On s’approche, je déchiffre (j’ai 6 ans !) l’identité de la nouvelle venue sur le coffre : DS23, et en dessous, injection électronique. Sur les côtés, des petits logos dorés « Pallas ». Je suis gonflé de fierté, c’est le summum. Portière ouverte, je découvre un intérieur d’un beau velours bleu en même temps que cette fugitive odeur de neuf, impossible à recréer aujourd’hui, même sur une voiture entièrement restaurée. 40 ans après, je l’ai encore dans les narines.

Autre objet de curiosité à bord de cette DS et que n’avaient pas les précédentes : le « clignotant de détresse ». C’est ainsi qu’on appelait alors le warning. L’usage de cet anglicisme viendra plus tard. Sur la DS23, c’est le secteur du cadran de gauche, situé entre les voyants verts des clignotants qui clignote en rouge lorsqu’on appuie sur le bouton sous le compte-tours.

On va faire un tour, bien sûr. Images familières du gros œil rouge qui s’allume au tableau de bord, et du levier de vitesse poussé à gauche qui réveille le démarreur. C’était pareil sur la DS20 et les DS précédentes. Le moteur ronfle en sourdine derrière les épaisses moquettes et j’observe les mouvements de l’aiguille du compte-tours. Petite promenade parisienne, quais de Seine, Invalides… Fluidité, souplesse et silence, la « 23 » se joue des autres et des mauvais pavés, roule dans son monde à elle.

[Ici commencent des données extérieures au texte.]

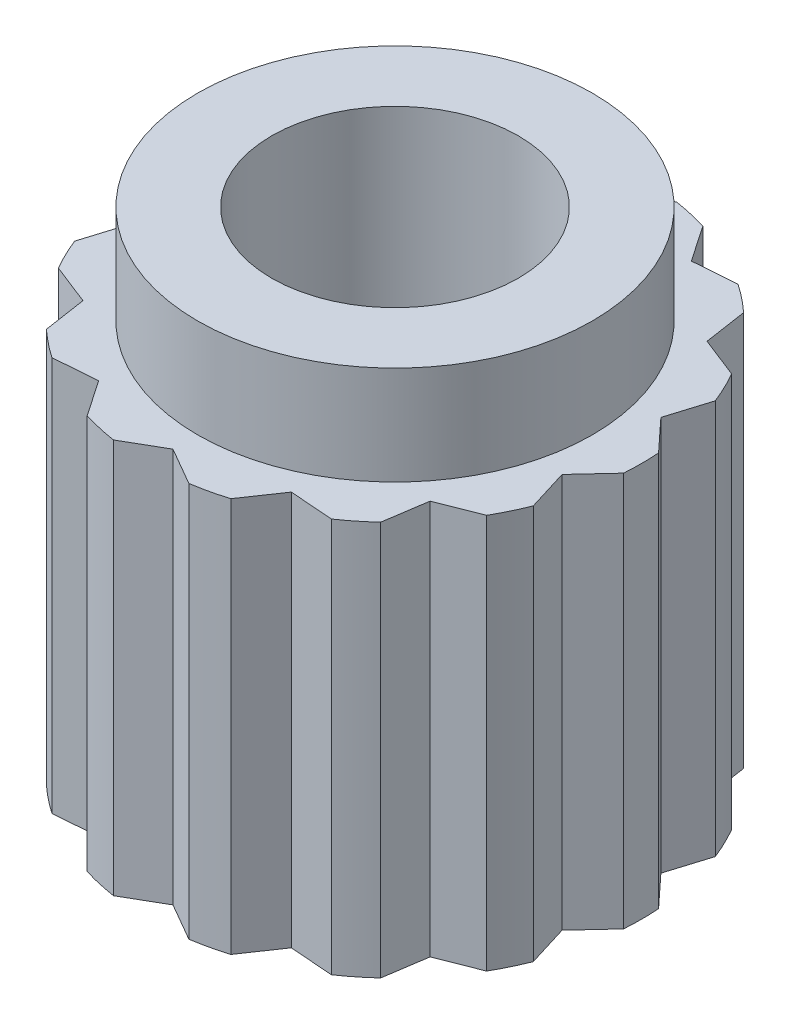
from build123d import *

# Parameters (mm, degrees)
MAINBODYS_R           = 2.5
MAIN_BODY_DEPTH       = 2
M3X0_5_TAPPED_HOLE1_D = 2.5
GROOVED_CUT_DEPTH     = 6.338539126
GC_START              = -2
GC_CP_DEPTH           = 4
PRESSFITBODYS_R       = 2
PRESSFITBODYS_R_2     = 1.25
PRESS_FIT_BODY_DEPTH  = 1


# Read off the part's stored shape, not the designer's step: GC CP
with BuildPart() as part:
    # MainBodyS → MAIN BODY (new, symmetric)
    with BuildSketch(Plane(origin=(0, 0, 0), x_dir=(1, 0, 0), z_dir=(0, 1, 0))):
        with Locations(Location((0, 0, 0), (0, 0, 270))):
            Circle(MAINBODYS_R)
    extrude(amount=MAIN_BODY_DEPTH, both=True)

    # M3x0.5 Tapped Hole1 (through all)
    with Locations(Plane(origin=(0, 2, 0), x_dir=(1, 0, 0), z_dir=(0, 1, 0))):
        with Locations((0, 0)):
            Hole(M3X0_5_TAPPED_HOLE1_D / 2)

    # GroovedCutS → GROOVED CUT (cut, through all)
    with BuildSketch(Plane(origin=(0, 2, 0), x_dir=(1, 0, 0), z_dir=(0, 1, 0))):
        with BuildLine():
            Line((0, 2.25), (0.382129822, 2.470622755))
            ThreePointArc((0.382129822, 2.470622755), (0, 2.5), (-0.382129822, 2.470622755))
            Line((-0.382129822, 2.470622755), (0, 2.25))
        make_face()
    extrude(amount=-GROOVED_CUT_DEPTH, mode=Mode.SUBTRACT)

    # GC CP outline → GC CP (cut)
    with BuildSketch(Plane(origin=(0, 0, 0), x_dir=(1, 0, 0), z_dir=(0, 1, 0)).offset(GC_START)):
        with BuildLine():
            ThreePointArc((-0.727675966, 2.391754103), (-1.084709348, 2.25242217), (-1.416250112, 2.060154271))
            Line((-1.416250112, 2.060154271), (-0.976238413, 2.027179953))
            Line((-0.976238413, 2.027179953), (-0.727675966, 2.391754103))
        make_face()
        with BuildLine():
            Line((0.976238413, 2.027179953), (1.416250112, 2.060154271))
            ThreePointArc((1.416250112, 2.060154271), (1.084709348, 2.25242217), (0.727675966, 2.391754103))
            Line((0.727675966, 2.391754103), (0.976238413, 2.027179953))
        make_face()
        with BuildLine():
            Line((1.759120836, 1.402852054), (2.169864698, 1.241646967))
            ThreePointArc((2.169864698, 1.241646967), (1.954578706, 1.558724504), (1.693356605, 1.839169217))
            Line((1.693356605, 1.839169217), (1.759120836, 1.402852054))
        make_face()
        with BuildLine():
            Line((2.193587802, 0.500672101), (2.493710969, 0.177216254))
            ThreePointArc((2.493710969, 0.177216254), (2.43731978, 0.556302335), (2.3236472, 0.922314312))
            Line((2.3236472, 0.922314312), (2.193587802, 0.500672101))
        make_face()
        with BuildLine():
            Line((2.193587802, -0.500672101), (2.3236472, -0.922314312))
            ThreePointArc((2.3236472, -0.922314312), (2.43731978, -0.556302335), (2.493710969, -0.177216254))
            Line((2.493710969, -0.177216254), (2.193587802, -0.500672101))
        make_face()
        with BuildLine():
            Line((1.759120836, -1.402852054), (1.693356605, -1.839169217))
            ThreePointArc((1.693356605, -1.839169217), (1.954578706, -1.558724504), (2.169864698, -1.241646967))
            Line((2.169864698, -1.241646967), (1.759120836, -1.402852054))
        make_face()
        with BuildLine():
            Line((0.976238413, -2.027179953), (0.727675966, -2.391754103))
            ThreePointArc((0.727675966, -2.391754103), (1.084709348, -2.25242217), (1.416250112, -2.060154271))
            Line((1.416250112, -2.060154271), (0.976238413, -2.027179953))
        make_face()
        with BuildLine():
            Line((0, -2.25), (-0.382129822, -2.470622755))
            ThreePointArc((-0.382129822, -2.470622755), (0, -2.5), (0.382129822, -2.470622755))
            Line((0.382129822, -2.470622755), (0, -2.25))
        make_face()
        with BuildLine():
            Line((-0.976238413, -2.027179953), (-1.416250112, -2.060154271))
            ThreePointArc((-1.416250112, -2.060154271), (-1.084709348, -2.25242217), (-0.727675966, -2.391754103))
            Line((-0.727675966, -2.391754103), (-0.976238413, -2.027179953))
        make_face()
        with BuildLine():
            Line((-1.759120836, -1.402852054), (-2.169864698, -1.241646967))
            ThreePointArc((-2.169864698, -1.241646967), (-1.954578706, -1.558724504), (-1.693356605, -1.839169217))
            Line((-1.693356605, -1.839169217), (-1.759120836, -1.402852054))
        make_face()
        with BuildLine():
            Line((-2.193587802, -0.500672101), (-2.493710969, -0.177216254))
            ThreePointArc((-2.493710969, -0.177216254), (-2.43731978, -0.556302335), (-2.3236472, -0.922314312))
            Line((-2.3236472, -0.922314312), (-2.193587802, -0.500672101))
        make_face()
        with BuildLine():
            Line((-2.193587802, 0.500672101), (-2.3236472, 0.922314312))
            ThreePointArc((-2.3236472, 0.922314312), (-2.43731978, 0.556302335), (-2.493710969, 0.177216254))
            Line((-2.493710969, 0.177216254), (-2.193587802, 0.500672101))
        make_face()
        with BuildLine():
            Line((-1.759120836, 1.402852054), (-1.693356605, 1.839169217))
            ThreePointArc((-1.693356605, 1.839169217), (-1.954578706, 1.558724504), (-2.169864698, 1.241646967))
            Line((-2.169864698, 1.241646967), (-1.759120836, 1.402852054))
        make_face()
    extrude(amount=GC_CP_DEPTH, mode=Mode.SUBTRACT)

    # PressFitBodyS → PRESS FIT BODY (add)
    with BuildSketch(Plane(origin=(0, 2, 0), x_dir=(1, 0, 0), z_dir=(0, 1, 0))):
        with Locations(Location((0, 0, 0), (0, 0, 270))):
            Circle(PRESSFITBODYS_R)
        with Locations(Location((0, 0, 0), (0, 0, 270))):
            Circle(PRESSFITBODYS_R_2, mode=Mode.SUBTRACT)
    extrude(amount=PRESS_FIT_BODY_DEPTH)


solid = part.part

Me serais-je douté que non loin de là au même moment ou presque, sous quelque verrière du XVème arrondissement, la sortie de chaîne de sa sœur jumelle clôturait l’ère de la DS. Je l’apprendrai pourtant quelques jours plus tard au journal télévisé du soir.

 

Séjour Normand

L’été est là. La chaleur monte. La première partie des grandes vacances se déroulera chez ma grand-mère paternelle à Caudebec en Caux dans le val de Seine, quelque part entre Rouen et Le Havre. Les valises sont dans l’entrée de l’appartement. J’adore cette vision. Ça sent le départ, le voyage, l’évasion, la sortie de Paris. Nous voilà en bas, le coffre claque, les portières aussi, c’est parti. On remonte les Champs-Elysées pour aller chercher l’Autoroute de l’Ouest.

On passe le tunnel de St-Cloud, alors à double sens, qui m’étonne toujours avec son revêtement de faïence me faisant penser au métro et ses gros ventilateurs qui, eux, m’évoquent plutôt des réacteurs d’avion. Passé le tunnel, ce sont de longs kilomètres de forêt. Noblesse de l’aînée des autoroutes françaises qui seule ne fait pas sa sortie de la capitale sur des kilomètres bordés d’HLM et d’usines. On accélère, 110, 120, 130 km/h… La 23 émet un son grave, velouté et à peine audible, atténué par un léger souffle d’air. Elle me parait plus silencieuse que la 20 juste quittée mais à 6 ans, peut-on juger… ? Pourtant, on entend bien Errol Garner et son piano sur la cassette glissée dans le Blaupunkt trônant dans sa console sous le tableau de bord. Le haut de gamme lui aussi. On peut même enregistrer un programme de radio ou des notes vocales grâce au micro accroché sur le côté.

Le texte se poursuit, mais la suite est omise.